Curiosités architecturales

   Pour découvrir une ruine, il faut :

* Regarder le sol car les pierres ne sont pas stables,

* Lever les yeux au sommet pour éviter celles qui pourraient tomber,

* Et surtout, observer avec attention chaque pan de mur pour admirer l'architecture.

  C'est ainsi que je vois dans un angle ce que j'ose nommer : Une trompe.

 

Quelle chaleur.... dans cette ruine

 

Les éléments de confort et de beauté

* Dans un château il faut de la lumière. Celle ci est fournie par les nombreuses fenêtres.

* Certaines possèdent des coussièges. D'autres libèrent la place pour un couloir de circulation dans l'épaisseur du mur.
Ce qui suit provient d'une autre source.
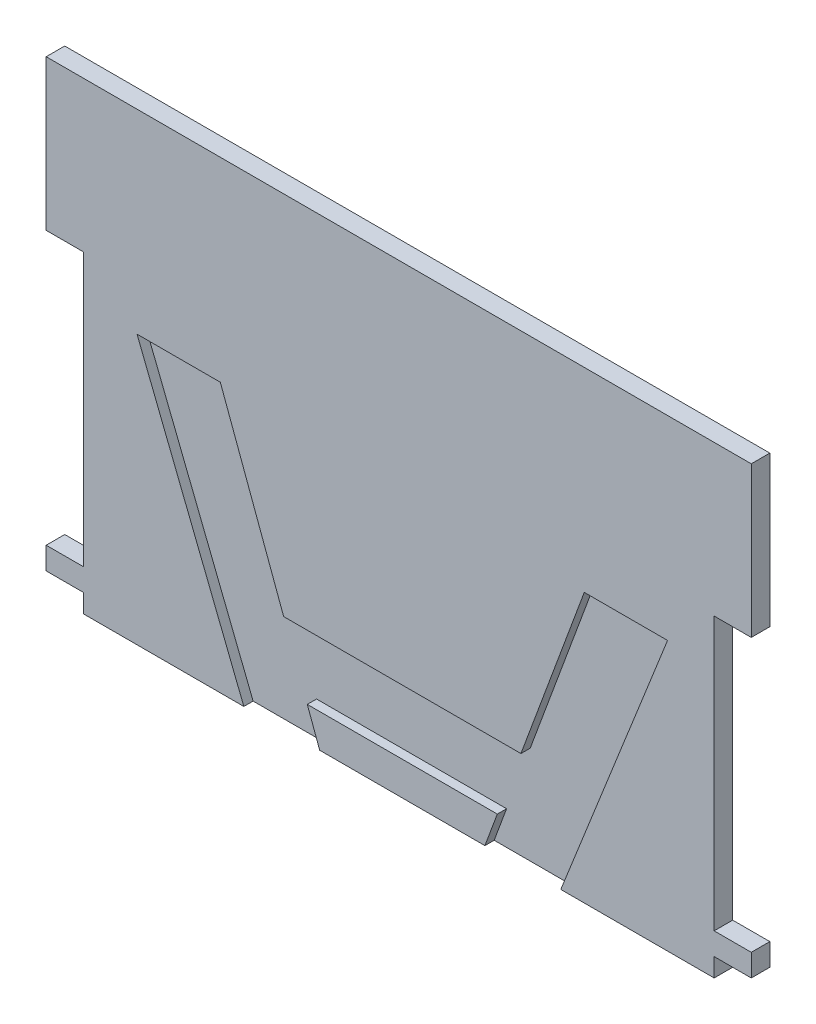
ISO-10303-21;
HEADER;
FILE_DESCRIPTION(('STEP AP214'),'2;1');
FILE_NAME('part.step','',(''),(''),'','','');
FILE_SCHEMA(('AUTOMOTIVE_DESIGN { 1 0 10303 214 1 1 1 1 }'));
ENDSEC;
DATA;
#1=APPLICATION_CONTEXT('core data for automotive mechanical design processes');
#2=APPLICATION_PROTOCOL_DEFINITION('international standard','automotive_design',2000,#1);
#3=PRODUCT_CONTEXT('',#1,'mechanical');
#4=PRODUCT('Part','Part','',(#3));
#5=PRODUCT_RELATED_PRODUCT_CATEGORY('part','',(#4));
#6=PRODUCT_DEFINITION_FORMATION('','',#4);
#7=PRODUCT_DEFINITION_CONTEXT('part definition',#1,'design');
#8=PRODUCT_DEFINITION('design','',#6,#7);
#9=PRODUCT_DEFINITION_SHAPE('','',#8);
#10=(LENGTH_UNIT() NAMED_UNIT(*) SI_UNIT(.MILLI.,.METRE.));
#11=(NAMED_UNIT(*) PLANE_ANGLE_UNIT() SI_UNIT($,.RADIAN.));
#12=(NAMED_UNIT(*) SI_UNIT($,.STERADIAN.) SOLID_ANGLE_UNIT());
#13=UNCERTAINTY_MEASURE_WITH_UNIT(LENGTH_MEASURE(1.E-05),#10,'distance_accuracy_value','');
#14=(GEOMETRIC_REPRESENTATION_CONTEXT(3) GLOBAL_UNCERTAINTY_ASSIGNED_CONTEXT((#13)) GLOBAL_UNIT_ASSIGNED_CONTEXT((#10,
#11,#12)) REPRESENTATION_CONTEXT('',''));
#15=CARTESIAN_POINT('',(0.,0.,0.));
#16=DIRECTION('',(0.,0.,1.));
#17=DIRECTION('',(1.,0.,0.));
#18=AXIS2_PLACEMENT_3D('',#15,#16,#17);
#19=CARTESIAN_POINT('',(-17.,0.5,1.));
#20=DIRECTION('',(0.,1.,0.));
#21=DIRECTION('',(0.,0.,1.));
#22=AXIS2_PLACEMENT_3D('',#19,#20,#21);
#23=PLANE('',#22);
#24=DIRECTION('',(0.,0.,1.));
#25=VECTOR('',#24,1.);
#26=CARTESIAN_POINT('',(8.73217147435897,0.5,1.));
#27=LINE('',#26,#25);
#28=CARTESIAN_POINT('',(8.73217147435897,0.5,0.5));
#29=VERTEX_POINT('',#28);
#30=CARTESIAN_POINT('',(8.73217147435897,0.5,1.));
#31=VERTEX_POINT('',#30);
#32=EDGE_CURVE('E11',#29,#31,#27,.T.);
#33=ORIENTED_EDGE('',*,*,#32,.F.);
#34=DIRECTION('',(-1.,0.,0.));
#35=VECTOR('',#34,1.);
#36=CARTESIAN_POINT('',(-17.,0.5,0.5));
#37=LINE('',#36,#35);
#38=CARTESIAN_POINT('',(4.64409857508627,0.5,0.5));
#39=VERTEX_POINT('',#38);
#40=EDGE_CURVE('E47',#29,#39,#37,.T.);
#41=ORIENTED_EDGE('',*,*,#40,.T.);
#42=DIRECTION('',(0.,0.,-1.));
#43=VECTOR('',#42,1.);
#44=CARTESIAN_POINT('',(4.64409857508627,0.5,1.));
#45=LINE('',#44,#43);
#46=CARTESIAN_POINT('',(4.64409857508627,0.5,1.));
#47=VERTEX_POINT('',#46);
#48=EDGE_CURVE('E202',#47,#39,#45,.T.);
#49=ORIENTED_EDGE('',*,*,#48,.F.);
#50=DIRECTION('',(1.,0.,0.));
#51=VECTOR('',#50,1.);
#52=CARTESIAN_POINT('',(-17.,0.5,1.));
#53=LINE('',#52,#51);
#54=CARTESIAN_POINT('',(-4.25964469981238,0.5,1.));
#55=VERTEX_POINT('',#54);
#56=EDGE_CURVE('E299',#55,#47,#53,.T.);
#57=ORIENTED_EDGE('',*,*,#56,.F.);
#58=DIRECTION('',(0.,0.,1.));
#59=VECTOR('',#58,1.);
#60=CARTESIAN_POINT('',(-4.25964469981238,0.5,1.));
#61=LINE('',#60,#59);
#62=CARTESIAN_POINT('',(-4.25964469981238,0.5,0.5));
#63=VERTEX_POINT('',#62);
#64=EDGE_CURVE('E195',#63,#55,#61,.T.);
#65=ORIENTED_EDGE('',*,*,#64,.F.);
#66=CARTESIAN_POINT('',(-8.34755608974359,0.5,0.5));
#67=VERTEX_POINT('',#66);
#68=EDGE_CURVE('E191',#63,#67,#37,.T.);
#69=ORIENTED_EDGE('',*,*,#68,.T.);
#70=DIRECTION('',(0.,0.,-1.));
#71=VECTOR('',#70,1.);
#72=CARTESIAN_POINT('',(-8.34755608974359,0.5,1.));
#73=LINE('',#72,#71);
#74=CARTESIAN_POINT('',(-8.34755608974359,0.5,1.));
#75=VERTEX_POINT('',#74);
#76=EDGE_CURVE('E200',#75,#67,#73,.T.);
#77=ORIENTED_EDGE('',*,*,#76,.F.);
#78=CARTESIAN_POINT('',(-17.,0.5,1.));
#79=VERTEX_POINT('',#78);
#80=EDGE_CURVE('E294',#79,#75,#53,.T.);
#81=ORIENTED_EDGE('',*,*,#80,.F.);
#82=DIRECTION('',(0.,0.,-1.));
#83=VECTOR('',#82,1.);
#84=CARTESIAN_POINT('',(-17.,0.5,1.));
#85=LINE('',#84,#83);
#86=CARTESIAN_POINT('',(-17.,0.5,0.));
#87=VERTEX_POINT('',#86);
#88=EDGE_CURVE('E209',#79,#87,#85,.T.);
#89=ORIENTED_EDGE('',*,*,#88,.T.);
#90=DIRECTION('',(1.,0.,0.));
#91=VECTOR('',#90,1.);
#92=CARTESIAN_POINT('',(-17.,0.5,0.));
#93=LINE('',#92,#91);
#94=CARTESIAN_POINT('',(17.,0.5,0.));
#95=VERTEX_POINT('',#94);
#96=EDGE_CURVE('E241',#87,#95,#93,.T.);
#97=ORIENTED_EDGE('',*,*,#96,.T.);
#98=DIRECTION('',(0.,0.,-1.));
#99=VECTOR('',#98,1.);
#100=CARTESIAN_POINT('',(17.,0.5,1.));
#101=LINE('',#100,#99);
#102=CARTESIAN_POINT('',(17.,0.5,1.));
#103=VERTEX_POINT('',#102);
#104=EDGE_CURVE('E208',#103,#95,#101,.T.);
#105=ORIENTED_EDGE('',*,*,#104,.F.);
#106=EDGE_CURVE('E291',#31,#103,#53,.T.);
#107=ORIENTED_EDGE('',*,*,#106,.F.);
#108=EDGE_LOOP('',(#33,#41,#49,#57,#65,#69,#77,#81,#89,#97,#105,#107));
#109=FACE_BOUND('',#108,.T.);
#110=ADVANCED_FACE('F39',(#109),#23,.F.);
#111=CARTESIAN_POINT('',(0.,0.,1.));
#112=DIRECTION('',(0.,0.,-1.));
#113=DIRECTION('',(-1.,0.,0.));
#114=AXIS2_PLACEMENT_3D('',#111,#112,#113);
#115=PLANE('',#114);
#116=ORIENTED_EDGE('',*,*,#80,.T.);
#117=DIRECTION('',(-0.369014026975487,0.929423825762679,0.));
#118=VECTOR('',#117,1.);
#119=CARTESIAN_POINT('',(-2.19350961538462,-15.,1.));
#120=LINE('',#119,#118);
#121=CARTESIAN_POINT('',(-14.1045673076923,15.,1.));
#122=VERTEX_POINT('',#121);
#123=EDGE_CURVE('E193',#75,#122,#120,.T.);
#124=ORIENTED_EDGE('',*,*,#123,.T.);
#125=DIRECTION('',(1.,0.,0.));
#126=VECTOR('',#125,1.);
#127=CARTESIAN_POINT('',(-14.1045673076923,15.,1.));
#128=LINE('',#127,#126);
#129=CARTESIAN_POINT('',(-9.61538461538462,15.,1.));
#130=VERTEX_POINT('',#129);
#131=EDGE_CURVE('E383',#122,#130,#128,.T.);
#132=ORIENTED_EDGE('',*,*,#131,.T.);
#133=DIRECTION('',(0.346837004095032,-0.937925419524593,0.));
#134=VECTOR('',#133,1.);
#135=CARTESIAN_POINT('',(-9.61538461538462,15.,1.));
#136=LINE('',#135,#134);
#137=CARTESIAN_POINT('',(-6.20192307692308,5.76923076923077,1.));
#138=VERTEX_POINT('',#137);
#139=EDGE_CURVE('E386',#130,#138,#136,.T.);
#140=ORIENTED_EDGE('',*,*,#139,.T.);
#141=DIRECTION('',(1.,0.,0.));
#142=VECTOR('',#141,1.);
#143=CARTESIAN_POINT('',(-6.20192307692308,5.76923076923077,1.));
#144=LINE('',#143,#142);
#145=CARTESIAN_POINT('',(6.58653846153846,5.76923076923077,1.));
#146=VERTEX_POINT('',#145);
#147=EDGE_CURVE('E392',#138,#146,#144,.T.);
#148=ORIENTED_EDGE('',*,*,#147,.T.);
#149=DIRECTION('',(0.346837004095032,0.937925419524593,0.));
#150=VECTOR('',#149,1.);
#151=CARTESIAN_POINT('',(6.58653846153846,5.76923076923077,1.));
#152=LINE('',#151,#150);
#153=CARTESIAN_POINT('',(10.,15.,1.));
#154=VERTEX_POINT('',#153);
#155=EDGE_CURVE('E394',#146,#154,#152,.T.);
#156=ORIENTED_EDGE('',*,*,#155,.T.);
#157=DIRECTION('',(1.,0.,0.));
#158=VECTOR('',#157,1.);
#159=CARTESIAN_POINT('',(10.,15.,1.));
#160=LINE('',#159,#158);
#161=CARTESIAN_POINT('',(14.4891826923077,15.,1.));
#162=VERTEX_POINT('',#161);
#163=EDGE_CURVE('E376',#154,#162,#160,.T.);
#164=ORIENTED_EDGE('',*,*,#163,.T.);
#165=DIRECTION('',(-0.369014026975487,-0.929423825762679,0.));
#166=VECTOR('',#165,1.);
#167=CARTESIAN_POINT('',(14.4891826923077,15.,1.));
#168=LINE('',#167,#166);
#169=EDGE_CURVE('E382',#162,#31,#168,.T.);
#170=ORIENTED_EDGE('',*,*,#169,.T.);
#171=ORIENTED_EDGE('',*,*,#106,.T.);
#172=DIRECTION('',(0.,1.,0.));
#173=VECTOR('',#172,1.);
#174=CARTESIAN_POINT('',(17.,0.5,1.));
#175=LINE('',#174,#173);
#176=CARTESIAN_POINT('',(17.,1.5,1.));
#177=VERTEX_POINT('',#176);
#178=EDGE_CURVE('E297',#103,#177,#175,.T.);
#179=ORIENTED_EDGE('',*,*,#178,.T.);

* Evidemment, les fenêtres d'un château ont les pourtours sculptés.

* Mais la pierre est froide en hiver et la nuit, il faut donc des cheminées à chaque étage.

* Et comme pour les fenêtres, à coté des cheminées il y a des couloirs de circulation.

Comment accéder aux étages ?

* Evidemment par des escaliers dont il ne reste que les vestiges.

 

 

Histoire du château :

* Au 12ème siècle, construction d'un petit château fort.

* Au 13ème siècle, agrandissement du château par la famille : Barrière.

* Au 14ème siècle, le site de Barrière relève de la seigneurie de Grignols.

* Au 15ème siècle (1448 ?), le site est aménagé pour plus de confort par la famille : De Lur.

* Au 16ème siècle, Jeanne de Lur, devenue Huguenote, transforme la chapelle en temple. La petite histoire de France prétend que le château eut la visite de Calvin.

* Durant la 2ème moitié du 16ème siècle, le château subit plusieurs sièges des armées Catholiques.

* Au début du 17ème siècle, le château est possession de la famille Taillefer. Cette puissante famille décore avec goût les intérieurs du château.

* En 1761, naissance d'Henri Wlgrin Taillefer .

* A la fin du 18ème siècle, Henri se passionne pour l'archéologie Périgourdine.

* Au début du 19ème siècle, Henri crée un musée archéologique.

* En 1809, ne pouvant assumer les frais importants pour l'entretien du château, le Comte de Taillefer le vend.

* A la fin du 19ème siècle, un incendie ravage le logis renaissance.

* En 1948, le site est inscrit aux Monuments Historiques.

* Au 20ème siècle (1924 ?), le bâtiment est propriété de la commune. Malgré de nombreuses consolidations quelques murs s'effondrent.

* A la fin du 20ème siècle, une association de sauvegarde tente de faire revivre ce beau château.

* Au 21ème siècle, la découverte de l'extérieur est libre et gratuite depuis la route. La visite de l'intérieur semble possible en dehors des travaux. Renseignez vous.